Ваша работа звучит параноидально и угрожающе, но вы сами — насколько я могу вас узнать, — по-видимому, полны воодушевления и энергии…
— О, у меня самые лучшие ожидания от fin de siècle[73]. Я вижу его как символическое жертвоприношение. Это некое отклонение, языческое желание умилостивить богов, чтобы мы могли двигаться дальше. Существует самый настоящий духовный голод, который пытаются удовлетворить этими мутировавшими, полузабытыми обрядами и ритуалами. Чтобы заполнить пустоту, оставшуюся от неавторитарной церкви. Это наша тревожная кнопка, она говорит нам, что в конце века случится какое-то колоссальное безумие. Но его НЕ БУДЕТ. Самая большая проблема будет — как назвать новое десятилетие. Нулевые? Двухтысячные? Вот мы пережили это время; как нам теперь называть его?
Дэвид Боуи открыто признает, что, завоевав мейнстримную публику благодаря успеху Let’s Dance, оказался перед дилеммой.
— Я поддался, постарался делать более доступные вещи, отказался от главной силы того, что я делаю.
Период Tin Machine он описывает как время, когда «Ривз Габрелс меня расшевелил, дал мне какой-то ориентир, сказал: начни снова РИСКОВАТЬ».
В такой формулировке это почти имеет смысл.
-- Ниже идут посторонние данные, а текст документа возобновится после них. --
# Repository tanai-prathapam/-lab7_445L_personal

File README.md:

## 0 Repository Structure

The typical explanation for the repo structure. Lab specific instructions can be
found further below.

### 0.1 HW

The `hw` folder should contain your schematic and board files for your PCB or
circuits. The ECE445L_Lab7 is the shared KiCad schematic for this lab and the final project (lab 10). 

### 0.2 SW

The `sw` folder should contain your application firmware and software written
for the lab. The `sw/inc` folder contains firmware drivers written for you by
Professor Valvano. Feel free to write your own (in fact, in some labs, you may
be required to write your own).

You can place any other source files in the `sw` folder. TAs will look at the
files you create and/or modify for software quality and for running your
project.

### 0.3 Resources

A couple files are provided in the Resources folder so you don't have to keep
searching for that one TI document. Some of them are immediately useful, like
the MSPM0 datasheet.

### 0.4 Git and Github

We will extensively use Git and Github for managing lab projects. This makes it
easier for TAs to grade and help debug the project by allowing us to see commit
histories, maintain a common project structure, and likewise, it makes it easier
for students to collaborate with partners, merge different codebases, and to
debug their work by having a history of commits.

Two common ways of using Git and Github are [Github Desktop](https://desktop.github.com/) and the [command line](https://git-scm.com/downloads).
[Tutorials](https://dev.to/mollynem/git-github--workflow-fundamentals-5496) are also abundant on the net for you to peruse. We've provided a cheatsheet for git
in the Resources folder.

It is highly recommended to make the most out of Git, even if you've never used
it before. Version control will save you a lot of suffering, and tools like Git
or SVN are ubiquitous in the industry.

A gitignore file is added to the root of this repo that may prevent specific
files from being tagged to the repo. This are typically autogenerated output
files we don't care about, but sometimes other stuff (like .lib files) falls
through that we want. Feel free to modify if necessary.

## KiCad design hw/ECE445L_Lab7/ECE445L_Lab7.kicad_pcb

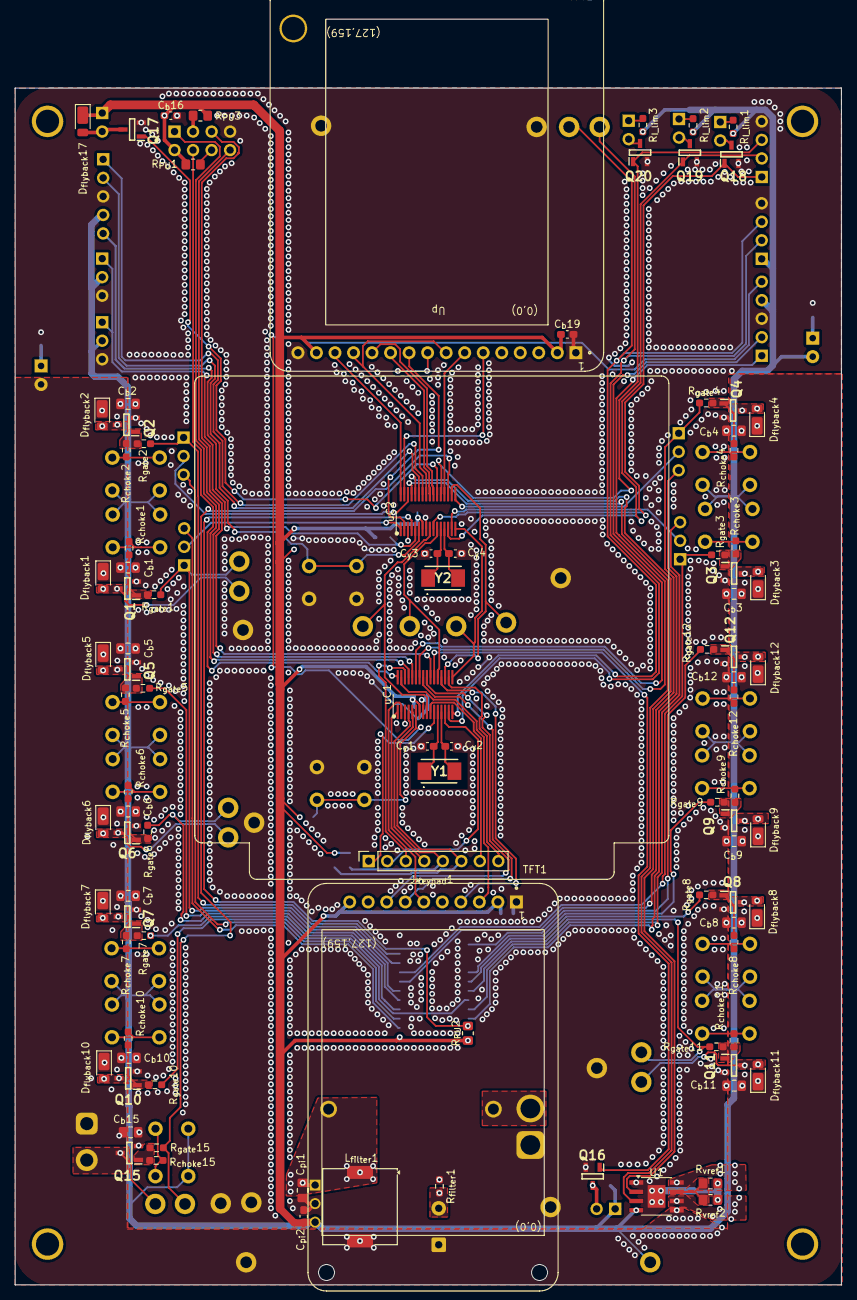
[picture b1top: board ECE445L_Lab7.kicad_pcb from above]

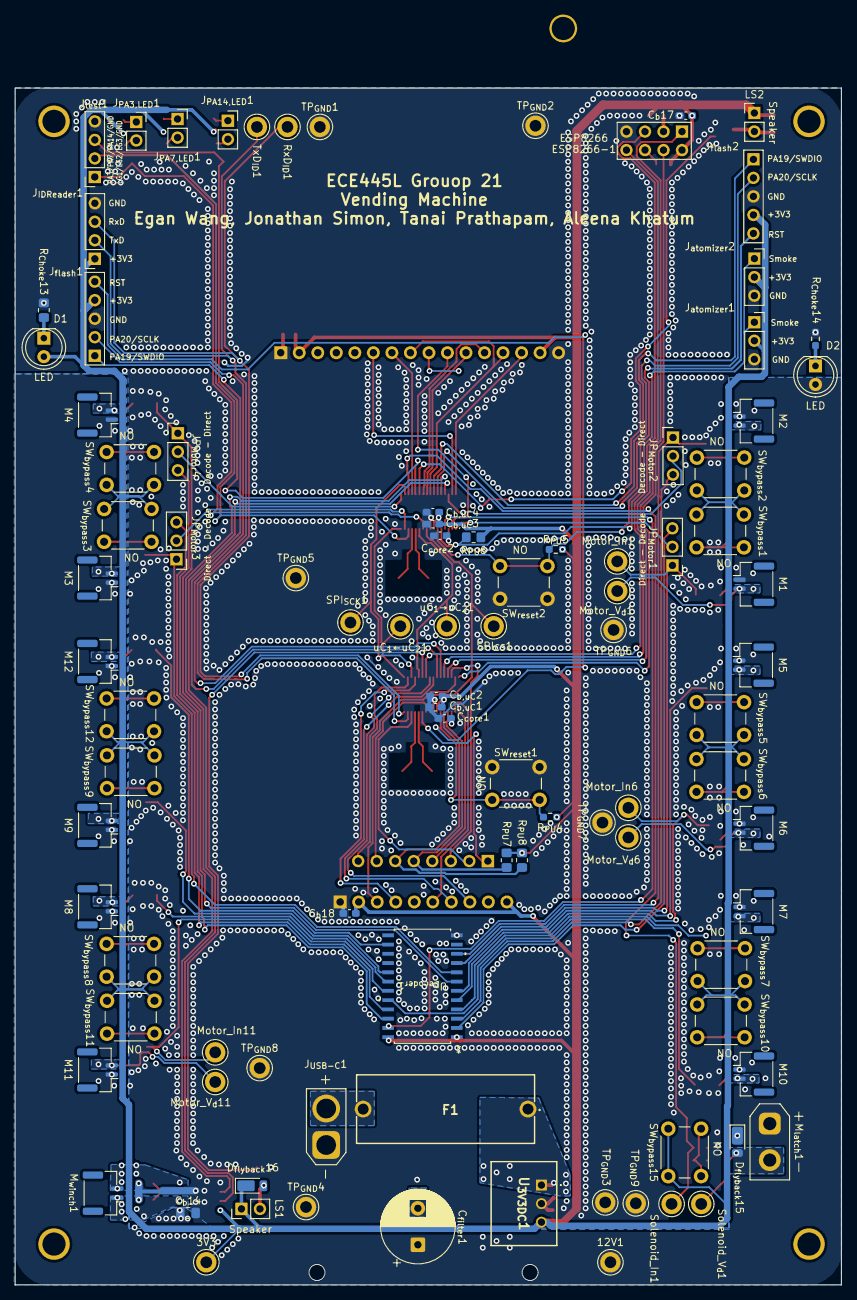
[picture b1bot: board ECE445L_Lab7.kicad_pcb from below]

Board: 2 copper layers, 113.3 x 164.1 mm, 195 parts (95 on the bottom side), 132 nets.

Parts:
3V3, 12V1: TestPoint; TestPoint_Keystone_5010-5014_Multipurpose
C_{b,uC}1, C_{b,uC}3: 100n; C_0603_1608Metric_Pad1.08x0.95mm_HandSolder
C_{b,uC}2, C_{b,uC}4: 10u; C_0603_1608Metric_Pad1.08x0.95mm_HandSolder
C_{b}1, C_{b}2, C_{b}3, C_{b}4, C_{b}5, C_{b}6, C_{b}7, C_{b}8, C_{b}9, C_{b}10, C_{b}11, C_{b}12, C_{b}14, C_{b}15: 4.7u; C_0805_2012Metric_Pad1.18x1.45mm_HandSolder
C_{b}16: 100n; C_0603_1608Metric_Pad1.08x0.95mm_HandSolder
C_{b}17, C_{b}18, C_{b}19: 4.7u; C_0603_1608Metric_Pad1.08x0.95mm_HandSolder
C_{core}1, C_{core}2: 0.47u; C_0603_1608Metric_Pad1.08x0.95mm_HandSolder
C_{filter}1: 1200u; CP_Radial_D10.0mm_P5.00mm
C_{pi}1: 4.7u; C_0805_2012Metric_Pad1.18x1.45mm_HandSolder
C_{pi}2: 4.7u; C_0603_1608Metric_Pad1.08x0.95mm_HandSolder
C_{y}1, C_{y}2, C_{y}3, C_{y}4: 10p; C_0603_1608Metric_Pad1.08x0.95mm_HandSolder
D1, D2: LED; LED_D5.0mm
D_{flyback}1, D_{flyback}2, D_{flyback}3, D_{flyback}4, D_{flyback}5, D_{flyback}6, D_{flyback}7, D_{flyback}8, D_{flyback}9, D_{flyback}10, D_{flyback}11, D_{flyback}12, D_{flyback}15, D_{flyback}16, D_{flyback}17: DFLS240LX-7; D_PowerDI-123
ESP8266: ESP8266-1; PinHeader_2x04_P2.54mm_Vertical
F1: Fuse; WR-FSH_THT_2
H1, H2, H3, H4: MountingHole_4_40
JP_{Motor}1, JP_{Motor}2, JP_{Motor}3, JP_{Motor}4: Jumper_3_Open; PinHeader_1x03_P2.54mm_Vertical
J_{IDReader}1: Conn_01x04; PinSocket_1x04_P2.54mm_Vertical
J_{Keypad}1: Conn_01x08; 4x4_Matrix_Keypad
J_{PA3,LED}1, J_{PA7,LED}1, J_{PA14,LED}1: Conn_01x02; PinSocket_1x02_P2.54mm_Vertical
J_{USB-C}1: Conn_01x02; AMASS_XT30U-M_1x02_P5.0mm_Vertical
J_{atomizer}1, J_{atomizer}2: Conn_01x03; PinSocket_1x03_P2.54mm_Vertical
J_{flash}1: J_{flash}1; PinHeader_1x05_P2.54mm_Vertical
J_{flash}2: J_{flash}2; PinHeader_1x05_P2.54mm_Vertical
J_{test}1: Conn_02x04_Counter_Clockwise; PinSocket_1x04_P2.54mm_Vertical
LS1, LS2: Speaker; PinHeader_1x02_P2.54mm_Vertical
L_{filter}1: 10uH; L_Coilcraft_MSS1038-XXX
M1, M2, M3, M4, M5, M6, M7, M8, M9, M10, M11, M12: Motor_DC; JST_GH_BM02B-GHS-TBT_1x02-1MP_P1.25mm_Vertical
M_{latch}1: Solenoid; AMASS_XT30UPB-F_1x02_P5.0mm_Vertical
M_{winch}1: Motor_DC; JST_GH_BM02B-GHS-TBT_1x02-1MP_P1.25mm_Vertical
Motor_In1, Motor_In6, Motor_In11: TestPoint; TestPoint_Keystone_5010-5014_Multipurpose
Motor_V_{d}1, Motor_V_{d}6, Motor_V_{d}11: TestPoint; TestPoint_Keystone_5010-5014_Multipurpose
Q1, Q2, Q3, Q4, Q5, Q6, Q7, Q8, Q9, Q10, Q11, Q12, Q15, Q16, Q17, Q18, Q19, Q20: NTR4501NT1G; SOT96P237X111-3N
R_{Choke}13: 10k; R_0805_2012Metric_Pad1.20x1.40mm_HandSolder
R_{Choke}14: 36.5k; R_0603_1608Metric_Pad0.98x0.95mm_HandSolder
R_{I_lim}1, R_{I_lim}2, R_{I_lim}3: R; R_0603_1608Metric_Pad0.98x0.95mm_HandSolder
R_{PU}1, R_{PU}2, R_{PU}3, R_{PU}6, R_{PU}7, R_{PU}8: 10k; R_0805_2012Metric_Pad1.20x1.40mm_HandSolder
R_{PU}4, R_{PU}5: 10k; R_0603_1608Metric_Pad0.98x0.95mm_HandSolder
R_{choke}1, R_{choke}2, R_{choke}3, R_{choke}4, R_{choke}5, R_{choke}6, R_{choke}7, R_{choke}8, R_{choke}9, R_{choke}10, R_{choke}11, R_{choke}12, R_{choke}15: 680; R_0603_1608Metric_Pad0.98x0.95mm_HandSolder
R_{filter}1: 0.25; R_0603_1608Metric_Pad0.98x0.95mm_HandSolder
R_{gate}1, R_{gate}2, R_{gate}3, R_{gate}4, R_{gate}5, R_{gate}6, R_{gate}7, R_{gate}8, R_{gate}9, R_{gate}10, R_{gate}11, R_{gate}12, R_{gate}15: 0.25; R_0603_1608Metric_Pad0.98x0.95mm_HandSolder
R_{vref}1, R_{vref}2: 264m; R_0805_2012Metric_Pad1.20x1.40mm_HandSolder
RxD_{ID}1: TestPoint; TestPoint_Keystone_5010-5014_Multipurpose
SPI_{CS}1: TestPoint; TestPoint_Keystone_5010-5014_Multipurpose
SPI_{SCK}1: TestPoint; TestPoint_Keystone_5010-5014_Multipurpose
SW_{bypass}1, SW_{bypass}2, SW_{bypass}3, SW_{bypass}4, SW_{bypass}5, SW_{bypass}6, SW_{bypass}7, SW_{bypass}8, SW_{bypass}9, SW_{bypass}10, SW_{bypass}11, SW_{bypass}12, SW_{bypass}15: NO; SW_PUSH_6mm
SW_{reset}1, SW_{reset}2: NO; SW_PUSH_6mm
Solenoid_In1: TestPoint; TestPoint_Keystone_5010-5014_Multipurpose
Solenoid_V_{d}1: TestPoint; TestPoint_Keystone_5010-5014_Multipurpose
TFT1: Adafruit ST7735R; adafruit_st7735r2
TFT2: HiLetGo_ST7735R; hiletgo_st7735r2
TP_{GND}1, TP_{GND}2, TP_{GND}3, TP_{GND}4, TP_{GND}5, TP_{GND}6, TP_{GND}7, TP_{GND}8, TP_{GND}9: TestPoint; TestPoint_Keystone_5010-5014_Multipurpose
TxD_{ID}1: TestPoint; TestPoint_Keystone_5010-5014_Multipurpose
U1: DRV8231ADSG; TI_SO-PowerPAD-8
U_{3V3DC}1: N7803-2C; N78032C
U_{Decoder}1: MC14514BDWR2G; SOIC-24WB_ONS
Y1, Y2: 16MHz; ABM3
uC1, uC2: M0G3507QDGS32RQ1; VSSOP_0.5mm_32pin_handsolder
uC_{1}←uC_{2}1, uC_{1}→uC_{2}1: TestPoint; TestPoint_Keystone_5010-5014_Multipurpose

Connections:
+3V3: 3V3.1 (1_1), C_{b,uC}1.1, C_{b,uC}2.1, C_{b,uC}3.1, C_{b,uC}4.1, C_{b}16.1, C_{b}17.1, C_{b}18.1, C_{b}19.1, C_{pi}2.1, D1.2 (A), D_{flyback}16.1 (K), D_{flyback}17.1 (K), ESP8266.8 (Vcc), J_{IDReader}1.1, J_{atomizer}1.2, J_{atomizer}2.2, J_{flash}1.4 (C), J_{flash}2.4 (C), LS1.1, LS2.1, R_{I_lim}1.1, R_{I_lim}2.1, R_{I_lim}3.1, R_{PU}1.1, R_{PU}2.1, R_{PU}3.1, R_{PU}4.1, R_{PU}5.1, R_{PU}6.1, R_{PU}7.1, R_{PU}8.1, SW_{bypass}1.1, SW_{bypass}2.1, SW_{bypass}3.1, SW_{bypass}4.1, SW_{bypass}5.1, SW_{bypass}6.1, SW_{bypass}7.1, SW_{bypass}8.1, SW_{bypass}9.1, SW_{bypass}10.1, SW_{bypass}11.1, SW_{bypass}12.1, SW_{bypass}15.1, TFT1.2 (VCC), TFT1.10 (LITE), TFT2.2 (VCC), TFT2.15 (LED+), U1.4 (VREF), U_{3V3DC}1.3 (Vout), U_{Decoder}1.1 (ST), U_{Decoder}1.24 (VDD), uC1.7 (VDD), uC2.7 (VDD)
+12V: 12V1.1 (1_1), C_{b}1.1, C_{b}2.1, C_{b}3.1, C_{b}4.1, C_{b}5.1, C_{b}6.1, C_{b}7.1, C_{b}8.1, C_{b}9.1, C_{b}10.1, C_{b}11.1, C_{b}12.1, C_{b}14.1, C_{b}15.1, C_{filter}1.1, D2.2 (A), D_{flyback}1.1 (K), D_{flyback}2.1 (K), D_{flyback}3.1 (K), D_{flyback}4.1 (K), D_{flyback}5.1 (K), D_{flyback}6.1 (K), D_{flyback}7.1 (K), D_{flyback}8.1 (K), D_{flyback}9.1 (K), D_{flyback}10.1 (K), D_{flyback}11.1 (K), D_{flyback}12.1 (K), D_{flyback}15.1 (K), L_{filter}1.2, M1.1 (+), M2.1 (+), M3.1 (+), M4.1 (+), M5.1 (+), M6.1 (+), M7.1 (+), M8.1 (+), M9.1 (+), M10.1 (+), M11.1 (+), M12.1 (+), M_{latch}1.1 (+), U1.5 (VM)
/Lab7 Electromech/V_{d,motor 1}: D_{flyback}1.2 (A), M1.2 (-), Motor_V_{d}1.1 (1_1), Q1.3 (D)
/Lab7 Electromech/V_{d,motor 2}: D_{flyback}2.2 (A), M2.2 (-), Q2.3 (D)
/Lab7 Electromech/V_{d,motor 3}: D_{flyback}3.2 (A), M3.2 (-), Q3.3 (D)
/Lab7 Electromech/V_{d,motor 4}: D_{flyback}4.2 (A), M4.2 (-), Q4.3 (D)
/Lab7 Electromech/V_{d,motor 5}: D_{flyback}5.2 (A), M5.2 (-), Q5.3 (D)
/Lab7 Electromech/V_{d,motor 6}: D_{flyback}6.2 (A), M6.2 (-), Motor_V_{d}6.1 (1_1), Q6.3 (D)
/Lab7 Electromech/V_{d,motor 7}: D_{flyback}7.2 (A), M7.2 (-), Q7.3 (D)
/Lab7 Electromech/V_{d,motor 8}: D_{flyback}8.2 (A), M8.2 (-), Q8.3 (D)
/Lab7 Electromech/V_{d,motor 9}: D_{flyback}9.2 (A), M9.2 (-), Q9.3 (D)
/Lab7 Electromech/V_{d,motor 10}: D_{flyback}10.2 (A), M10.2 (-), Q10.3 (D)
/Lab7 Electromech/V_{d,motor 11}: D_{flyback}11.2 (A), M11.2 (-), Motor_V_{d}11.1 (1_1), Q11.3 (D)
/Lab7 Electromech/V_{d,motor 12}: D_{flyback}12.2 (A), M12.2 (-), Q12.3 (D)
/Lab7 Electromech/V_{d,solenoid}: D_{flyback}15.2 (A), M_{latch}1.2 (-), Q15.3 (D), Solenoid_V_{d}1.1 (1_1)
/Lab7 IO/D_{Motor}1: JP_{Motor}1.3 (B), U_{Decoder}1.2 (D1)
/Lab7 IO/D_{Motor}2: JP_{Motor}2.3 (B), U_{Decoder}1.3 (D2)
/Lab7 IO/D_{Motor}3: JP_{Motor}3.3 (B), U_{Decoder}1.21 (D3)
/Lab7 IO/D_{Motor}4: JP_{Motor}4.3 (B), U_{Decoder}1.22 (D4)
/Lab7 Microcontroller/uC SPI - uC_{1} ← uC_{2}: uC1.17 (PA10/CLK_OUT), uC2.16 (PA9/RTC_OUT/CLK_OUT), uC_{1}←uC_{2}1.1 (1_1)
/Lab7 Microcontroller/uC SPI - uC_{1} → uC_{2}: uC1.21 (PA14/CLK_OUT/A0_12), uC2.11 (PA4/LFCLK_IN/LFXOUT), uC_{1}→uC_{2}1.1 (1_1)
/Lab7 Microcontroller/uC_{1} - RST: J_{flash}1.5 (C), R_{PU}4.2, SW_{reset}1.2, uC1.6 (NRST)
/Lab7 Microcontroller/uC_{1} - SWCLK: J_{flash}1.2 (B), uC1.27 (PA20/SWCLK)
/Lab7 Microcontroller/uC_{1} - SWDIO: J_{flash}1.1 (A), uC1.26 (PA19/SWDIO)
/Lab7 Microcontroller/uC_{1} - V_{core}: C_{core}1.1, uC1.3 (VCORE)
/Lab7 Microcontroller/uC_{2} - RST: J_{flash}2.5 (C), R_{PU}5.2, SW_{reset}2.2, uC2.6 (NRST)
/Lab7 Microcontroller/uC_{2} - SWCLK: J_{flash}2.2 (B), uC2.27 (PA20/SWCLK)
/Lab7 Microcontroller/uC_{2} - SWDIO: J_{flash}2.1 (A), uC2.26 (PA19/SWDIO)
/Lab7 Microcontroller/uC_{2} - V_{core}: C_{core}2.1, uC2.3 (VCORE)
/Lab7 Power/V_{in,fused}: C_{pi}1.1, F1.1, L_{filter}1.1, U_{3V3DC}1.1 (Vin)
/Lab7 Power/V_{in}: F1.2, J_{USB-C}1.2
Adafruit - CS: TFT1.6 (TFT_CS), uC1.2 (PA27/RTC_OUT/A0_0)
Adafruit - D/C: TFT1.4 (D/C), uC1.20 (PA13)
Adafruit - MOSI: TFT1.7 (MOSI), uC1.25 (PA18/A1_3)
Adafruit - RST: TFT1.3 (RESET), uC1.31 (PA24/A0_3)
Adafruit - SCK: TFT1.8 (SCK), uC1.24 (PA17/A1_2)
GND: C_{b,uC}1.2, C_{b,uC}2.2, C_{b,uC}3.2, C_{b,uC}4.2, C_{b}1.2, C_{b}2.2, C_{b}3.2, C_{b}4.2, C_{b}5.2, C_{b}6.2, C_{b}7.2, C_{b}8.2, C_{b}9.2, C_{b}10.2, C_{b}11.2, C_{b}12.2, C_{b}14.2, C_{b}15.2, C_{b}16.2, C_{b}17.2, C_{b}18.2, C_{b}19.2, C_{core}1.2, C_{core}2.2, C_{pi}1.2, C_{pi}2.2, C_{y}1.2, C_{y}2.2, C_{y}3.2, C_{y}4.2, ESP8266.4 (GND), J_{IDReader}1.4, J_{USB-C}1.1, J_{atomizer}1.3, J_{atomizer}2.3, J_{flash}1.3 (C), J_{flash}2.3 (C), J_{test}1.4, Q1.2 (S), Q2.2 (S), Q3.2 (S), Q4.2 (S), Q5.2 (S), Q6.2 (S), Q7.2 (S), Q8.2 (S), Q9.2 (S), Q10.2 (S), Q11.2 (S), Q12.2 (S), Q15.2 (S), Q16.2 (S), Q17.2 (S), Q18.2 (S), Q19.2 (S), Q20.2 (S), R_{Choke}13.2, R_{Choke}14.2, R_{filter}1.2, R_{vref}1.2, R_{vref}2.2, SW_{reset}1.1, SW_{reset}2.1, TFT1.1 (GND), TFT2.1 (GND), TFT2.16 (LED-), TP_{GND}1.1 (1_1), TP_{GND}2.1 (1_1), TP_{GND}3.1 (1_1), TP_{GND}4.1 (1_1), TP_{GND}5.1 (1_1), TP_{GND}6.1 (1_1), TP_{GND}7.1 (1_1), TP_{GND}8.1 (1_1), TP_{GND}9.1 (1_1), U1.1 (GND), U1.9 (GND), U_{3V3DC}1.2 (GND), U_{Decoder}1.12 (VSS), uC1.8 (VSS), uC2.8 (VSS)
HLG SDC - CS: TFT2.14 (SDC_CS), uC2.32 (PA25/A0_2)
HLG SDC - MISO: TFT2.12 (SDC_MISO), uC2.23 (PA16/A1_1/FCC_IN)
HLG Screen - CS: TFT2.10 (TFT_CS), uC2.2 (PA27/RTC_OUT/A0_0)
HLG Screen - D/C: TFT2.7 (TFTDC), uC2.20 (PA13)
HLG Screen - MOSI: TFT2.8 (TFTMOSI), TFT2.13 (SDC_MOSI), uC2.25 (PA18/A1_3)
HLG Screen- RST: TFT2.6 (RESET), uC2.31 (PA24/A0_3)
HiLetGo - SCK: TFT2.9 (TFTSCK), TFT2.11 (SDCSCK), uC2.24 (PA17/A1_2)
ID Scan - RxD: J_{IDReader}1.3, RxD_{ID}1.1 (1_1), uC1.16 (PA9/RTC_OUT/CLK_OUT)
ID Scan - TxD: J_{IDReader}1.2, TxD_{ID}1.1 (1_1), uC1.15 (PA8)
Keypad - C1: J_{Keypad}1.5, R_{PU}7.2, uC1.4 (PA0)
Keypad - C2: J_{Keypad}1.6, R_{PU}8.2, uC1.5 (PA1)
Keypad - C3: J_{Keypad}1.7, uC1.10 (PA3/LFXIN)
Keypad - C4: J_{Keypad}1.8, uC1.18 (PA11)
Keypad - R1: J_{Keypad}1.1, uC1.11 (PA4/LFCLK_IN/LFXOUT)
Keypad - R2: J_{Keypad}1.2, uC1.14 (PA7/CLK_OUT)
Keypad - R3: J_{Keypad}1.3, uC1.30 (PA23/VREF+)
Keypad - R4: J_{Keypad}1.4, uC1.1 (PA26/A0_1)
Motor PWM: R_{PU}2.2, U_{Decoder}1.23 (INH), uC2.4 (PA0)
Motor_{1}: JP_{Motor}1.1 (A), Motor_In1.1 (1_1), R_{gate}1.2, U_{Decoder}1.9 (S1)
Motor_{2}: JP_{Motor}2.1 (A), R_{gate}2.2, U_{Decoder}1.10 (S2)
Motor_{3}: JP_{Motor}3.1 (A), R_{gate}3.2, U_{Decoder}1.8 (S3)
Motor_{4}: JP_{Motor}4.1 (A), R_{gate}4.2, U_{Decoder}1.7 (S4)
Motor_{5}: R_{gate}5.2, U_{Decoder}1.6 (S5)
Motor_{6}: Motor_In6.1 (1_1), R_{gate}6.2, U_{Decoder}1.5 (S6)
Motor_{7}: R_{gate}7.2, U_{Decoder}1.4 (S7)
Motor_{8}: R_{gate}8.2, U_{Decoder}1.18 (S8)
Motor_{9}: R_{gate}9.2, U_{Decoder}1.17 (S9)
Motor_{10}: R_{gate}10.2, U_{Decoder}1.20 (S10)
Motor_{11}: Motor_In11.1 (1_1), R_{gate}11.2, U_{Decoder}1.19 (S11)
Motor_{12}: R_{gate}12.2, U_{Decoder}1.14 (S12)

Но только почти.
— Это разрушило все мои контексты. Когда этот период закончился, никто уже не мог сказать в точности, что я такое. Реакция была: что он, черт побери, ТВОРИТ? С тех пор я заново обретаю свой голос и некоторый авторитет.
— Игра в кино — это просто бесплатный бонус, — усмехается Боуи, у которого в крови столько поп и арта, что там, должно быть, творится настоящий дебош. — Это просто развлечение, правда. У меня нет серьезных амбиций в этой области. Своими немногочисленными успехами я обязан тому, что интересовался режиссерами, у которых было что-то, что я хотел узнать. И просто… любопытству. Интересно, что за человек Скорсезе — ну что, сейчас узнаешь, он предложил тебе роль. Отлично! С таким режиссером даже не важно, что за роль. Говорите, Скорсезе? Да, я согласен. Вот мой побудительный мотив. Когда я ВЫБИРАЮ РОЛЬ, обычно получается черт-те что. Теперь я запомнил, что надо доверять инстинкту: соглашайся на фильм, если его снимает интересный человек. В таком случае я как правило лучше проведу время и смогу жить с тем, что получится. А вообще я нахожу это очень скучным.
Правда?
— Да.
Приходится много времени просто ждать и ничего не делать?
— Да, я это терпеть не могу. Мне очень быстро надоедают киношные разговоры. Люди сидят и говорят о фильмах, которые они только что сделали или собираются делать, — все разговоры крутятся вокруг ИНДУСТРИИ. У них, кажется, нет никакой жизни за ее пределами, и ты думаешь: Господи Иисусе, мы можем поговорить о чем-нибудь кроме кино? Я просто засыпаю.
Но, наверное, вам понравилось играть Энди Уорхола, которого вы по собственному признанию, не могли отличить от киноэкрана?[74]